2
votes

I have some python code that trains a Neural Network using tensorflow.

I've created a docker image based on a tensorflow/tensorflow:latest-gpu-py3 image that runs my python script. When I start an EC2 p2.xlarge instance I can run my docker container using the command

docker run --runtime=nvidia cnn-userpattern train

and the container with my code runs with no errors and uses the host GPU.
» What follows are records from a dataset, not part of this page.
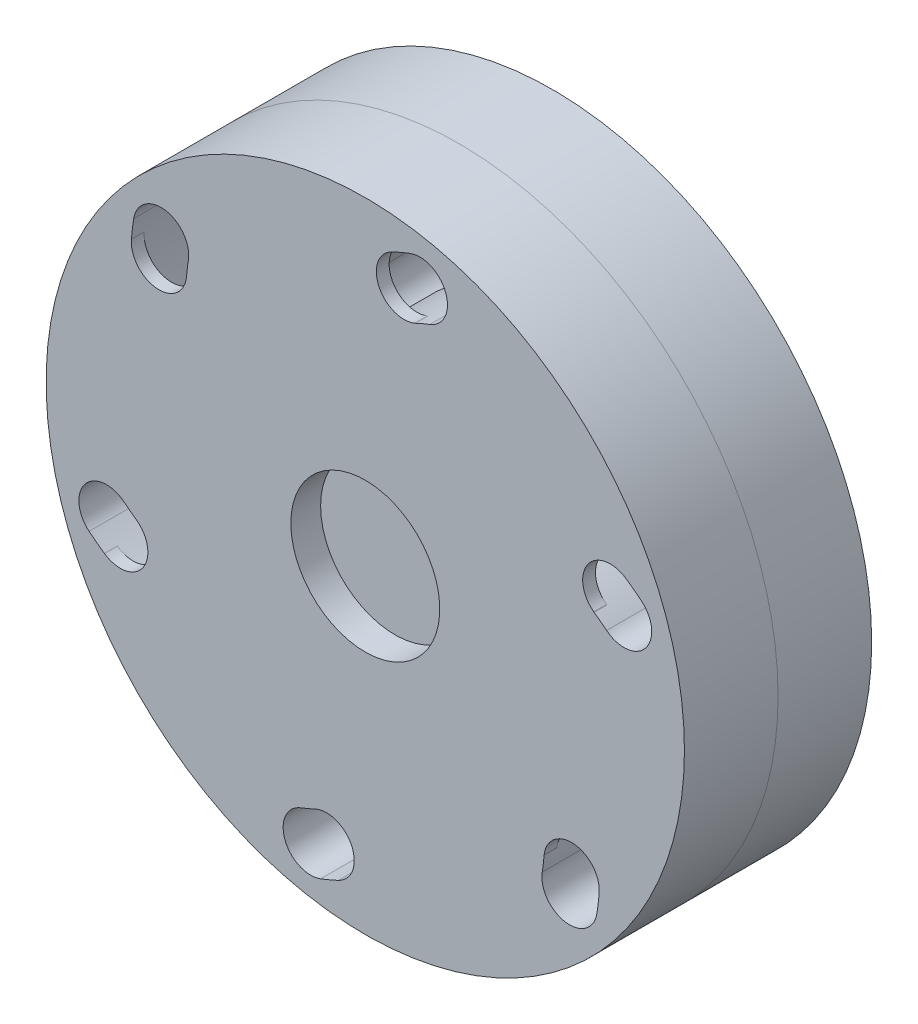
from build123d import *

# Parameters (mm, degrees)
SKETCH1_R                = 75
SKETCH1_R_2              = 70
BOSS_EXTRUDE1_DEPTH      = 22
CUT_EXTRUDE2_DEPTH       = 19
CUT_EXTRUDE3_DEPTH       = 10
CUT_EXTRUDE7_DEPTH       = 8
CUT_EXTRUDE6_START       = 109.323589305
CUT_EXTRUDE6_DEPTH       = 113.823589305
CUT_EXTRUDE8_DEPTH       = 9.25
SKETCH11_R               = 3
CUT_EXTRUDE9_DEPTH       = 9.25
CUT_EXTRUDE10_START      = -3
CUT_EXTRUDE10_DEPTH      = 3
CIRPATTERN2_COUNT        = 6
SKETCH18_R               = 5
CUT_EXTRUDE13_DEPTH      = 5
CUT_EXTRUDE14_DEPTH      = 115.830309588
CUT_EXTRUDE14_DEPTH_BACK = 7
SKETCH20_R               = 17.5


# Read off the part's stored shape, not the designer's step: Cut-Extrude10
with BuildPart() as part:
    # Sketch1 → Boss-Extrude1 (new body)
    # profile 1 of 2: a face of its own
    with BuildSketch(Plane.XY):
        Circle(SKETCH1_R)
        Circle(SKETCH1_R_2, mode=Mode.SUBTRACT)
    # profile 2 of 2: a face of its own
    with BuildSketch(Plane.XY):
        Circle(SKETCH1_R_2)
    extrude(amount=BOSS_EXTRUDE1_DEPTH)

    # Sketch4 → Cut-Extrude2 (cut)
    with BuildSketch(Plane.XY.offset(22)):
        with BuildLine():
            ThreePointArc((54.419786726, -43.518007072), (53.216834216, -18.476231144), (42.119786726, 4.004720201))
            ThreePointArc((42.119786726, 4.004720201), (32.995279799, 5.119786726), (31.880213274, -4.004720201))
            ThreePointArc((31.880213274, -4.004720201), (40.631543409, -21.733600529), (41.580213274, -41.481992928))
            ThreePointArc((41.580213274, -41.481992928), (46.981992928, -48.919786726), (54.419786726, -43.518007072))
        make_face()
    cut_extrude2 = extrude(amount=-CUT_EXTRUDE2_DEPTH, mode=Mode.SUBTRACT)

    # Sketch4<3> → Cut-Extrude3 (cut)
    with BuildSketch(Plane.XY.offset(22)):
        with BuildLine():
            ThreePointArc((39.995234493, -40.237763011), (33.113375849, -8.776911902), (7.518049478, 10.768532552))
            ThreePointArc((7.518049478, 10.768532552), (5.328436439, 9.615018469), (6.481950522, 7.42540543))
            ThreePointArc((6.481950522, 7.42540543), (30.16104925, -10.656743717), (36.52768853, -39.762236989))
            ThreePointArc((36.52768853, -39.762236989), (38.023698501, -41.733772981), (39.995234493, -40.237763011))
        make_face()
    cut_extrude3 = extrude(amount=-CUT_EXTRUDE3_DEPTH, mode=Mode.SUBTRACT)

    # Sketch7 → Cut-Extrude7 (cut)
    with BuildSketch(Plane.XY.offset(22)):
        with BuildLine():
            ThreePointArc((31.880213274, -4.004720201), (30.193449169, -1.965487549), (28.397965297, -0.021296041))
            ThreePointArc((28.397965297, -0.021296041), (28.5124774, 9.170378412), (37.704151864, 9.05586715))
            ThreePointArc((37.704151864, 9.05586715), (39.980899892, 6.590551742), (42.119786726, 4.004720201))
            ThreePointArc((42.119786726, 4.004720201), (32.995279799, 5.119786726), (31.880213274, -4.004720201))
        make_face()
    cut_extrude7 = extrude(amount=-CUT_EXTRUDE7_DEPTH, mode=Mode.SUBTRACT)

    # Sketch6 → Cut-Extrude6 (cut)
    with BuildSketch(Plane.XY.offset(22).offset(CUT_EXTRUDE6_START)):
        with BuildLine():
            ThreePointArc((41.580213274, -41.481992928), (42.740685569, -46.319635023), (46.981992928, -48.919786726))
            Line((46.981992928, -48.919786726), (37.945539013, -48.919786726))
            ThreePointArc((37.945539013, -48.919786726), (35.329112337, -12.653855306), (7.518049478, 10.768532552))
            Line((7.518049478, 10.768532552), (28.5124774, 9.170378412))
            ThreePointArc((28.5124774, 9.170378412), (26.551563362, 4.598257417), (28.397965297, -0.021296041))
            ThreePointArc((28.397965297, -0.021296041), (39.898780935, -19.190629411), (41.580213274, -41.481992928))
        make_face()
    cut_extrude6 = extrude(amount=-CUT_EXTRUDE6_DEPTH, mode=Mode.SUBTRACT)

    # Sketch9 → Cut-Extrude8 (cut)
    with BuildSketch(Plane.XY.offset(22)):
        with BuildLine():
            ThreePointArc((36.460255403, -40.234588948), (30.675277082, -11.484803097), (7.880639715, 6.965689252))
            ThreePointArc((7.880639715, 6.965689252), (6.607721905, 6.349507258), (7.223903899, 5.076589449))
            ThreePointArc((7.223903899, 5.076589449), (28.96445399, -12.520700943), (34.481918862, -39.941016928))
            ThreePointArc((34.481918862, -39.941016928), (35.324301122, -41.076971208), (36.460255403, -40.234588948))
        make_face()
    cut_extrude8 = extrude(amount=-CUT_EXTRUDE8_DEPTH, mode=Mode.SUBTRACT)

    # Sketch11 → Cut-Extrude9 (cut)
    with BuildSketch(Plane.XY.offset(22)):
        with BuildLine():
            Line((34.782544278, -30.416401894), (20.063474663, -45.986137745))
            ThreePointArc((20.063474663, -45.986137745), (23.0980049, -59.723306078), (34.740250052, -51.825439568))
            Line((34.740250052, -51.825439568), (36.460255403, -40.234588948))
            ThreePointArc((36.460255403, -40.234588948), (35.324301122, -41.076971208), (34.481918862, -39.941016928))
            ThreePointArc((34.481918862, -39.941016928), (34.908195949, -35.187419674), (34.782544278, -30.416401894))
        make_face()
        with Locations((26.240250052, -51.825439568)):
            Circle(SKETCH11_R, mode=Mode.SUBTRACT)
    cut_extrude9 = extrude(amount=-CUT_EXTRUDE9_DEPTH, mode=Mode.SUBTRACT)

    # Cut-Extrude10 outline → Cut-Extrude10 (cut)
    with BuildSketch(Plane.XY.offset(3).offset(CUT_EXTRUDE10_START)):
        with BuildLine():
            ThreePointArc((42.017309015, -37.839770406), (41.833208955, -39.665015679), (41.580213274, -41.481992928))
            ThreePointArc((41.580213274, -41.481992928), (46.981992928, -48.919786726), (54.419786726, -43.518007072))
            ThreePointArc((54.419786726, -43.518007072), (54.731838722, -41.286609896), (54.961945654, -39.045279799))
            ThreePointArc((54.961945654, -39.045279799), (49.148693035, -32.033987126), (42.032089748, -37.717831654))
            Line((42.032089748, -37.717831654), (42.017309015, -37.839770406))
        make_face()
    cut_extrude10 = extrude(amount=CUT_EXTRUDE10_DEPTH, mode=Mode.SUBTRACT)

    # CirPattern2: Cut-Extrude2, Cut-Extrude3, Cut-Extrude7, Cut-Extrude6, Cut-Extrude8, Cut-Extrude9, Cut-Extrude10 ×6 about axis
    cirpattern2_axis = Axis((0, 0, 0), (0, 0, 1))
    add([cut_extrude2.rotate(cirpattern2_axis, i * 360 / CIRPATTERN2_COUNT) for i in range(1, CIRPATTERN2_COUNT)], mode=Mode.SUBTRACT)
    add([cut_extrude3.rotate(cirpattern2_axis, i * 360 / CIRPATTERN2_COUNT) for i in range(1, CIRPATTERN2_COUNT)], mode=Mode.SUBTRACT)
    add([cut_extrude7.rotate(cirpattern2_axis, i * 360 / CIRPATTERN2_COUNT) for i in range(1, CIRPATTERN2_COUNT)], mode=Mode.SUBTRACT)
    add([cut_extrude6.rotate(cirpattern2_axis, i * 360 / CIRPATTERN2_COUNT) for i in range(1, CIRPATTERN2_COUNT)], mode=Mode.SUBTRACT)
    add([cut_extrude8.rotate(cirpattern2_axis, i * 360 / CIRPATTERN2_COUNT) for i in range(1, CIRPATTERN2_COUNT)], mode=Mode.SUBTRACT)
    add([cut_extrude9.rotate(cirpattern2_axis, i * 360 / CIRPATTERN2_COUNT) for i in range(1, CIRPATTERN2_COUNT)], mode=Mode.SUBTRACT)
    add([cut_extrude10.rotate(cirpattern2_axis, i * 360 / CIRPATTERN2_COUNT) for i in range(1, CIRPATTERN2_COUNT)], mode=Mode.SUBTRACT)


with BuildPart() as body_2:
    # Mirror1: mirrored copy
    add(part.part.mirror(Plane.XY.offset(22)))

    # Sketch20 → Cut-Extrude14 (cut, two sides: drawn at the far end of the back side and taken through both)
    with BuildSketch(Plane.XY.offset(44).offset(-CUT_EXTRUDE14_DEPTH_BACK)):
        with Locations(Location((0, 0, 0), (0, 0, 180))):
            Circle(SKETCH20_R)
    extrude(amount=CUT_EXTRUDE14_DEPTH + CUT_EXTRUDE14_DEPTH_BACK, mode=Mode.SUBTRACT)


with BuildPart() as part_1:
    add(part.part)

    # Sketch18 → Cut-Extrude13 (cut)
    with BuildSketch(Plane(origin=(0, 0, 0), x_dir=(-1, 0, 0), z_dir=(0, 0, -1))):
        with Locations((0, 17.5)):
            Circle(SKETCH18_R)
        with Locations((17.5, 0)):
            Circle(SKETCH18_R)
        with Locations((0, -17.5)):
            Circle(SKETCH18_R)
        with Locations((-17.5, 0)):
            Circle(SKETCH18_R)
    extrude(amount=-CUT_EXTRUDE13_DEPTH, mode=Mode.SUBTRACT)


solid = Compound([body_2.part, part_1.part])

The problem is, when I try to run the same container in an AWS Sagemaker training job with instance ml.p2.xlarge (I also tried with ml.p3.2xlarge), the algorithm fails with error code:

ImportError: libcuda.so.1: cannot open shared object file: No such file or directory

Now I know what that error code means. It means that the runtime environment of the docker host is not set to "nvidia". The AWS documentation says that the command used to run the docker image is always

docker run image train

which would work if the default runtime is set to "nvidia" in the docker/deamon.json. Is there any way to edit the host deamon.json or tell docker in the Dockerfile to use "--runtime=nvidia"?

1

1 Answers

0
votes

With some help of the AWS support service we were able to find the problem. The docker image I used to run my code on was, as I said tensorflow/tensorflow:latest-gpu-py3 (available on https://github.com/aws/sagemaker-tensorflow-container)

the "latest" tag refers to version 1.12.0 at this time. The problem was not my own, but with this version of the docker image.

If I base my docker image on tensorflow/tensorflow:1.10.1-gpu-py3, it runs as it should and uses the GPU fully.

Apparently the default runtime is set to "nvidia" in the docker/deamon.json on all GPU instances of AWS sagemaker.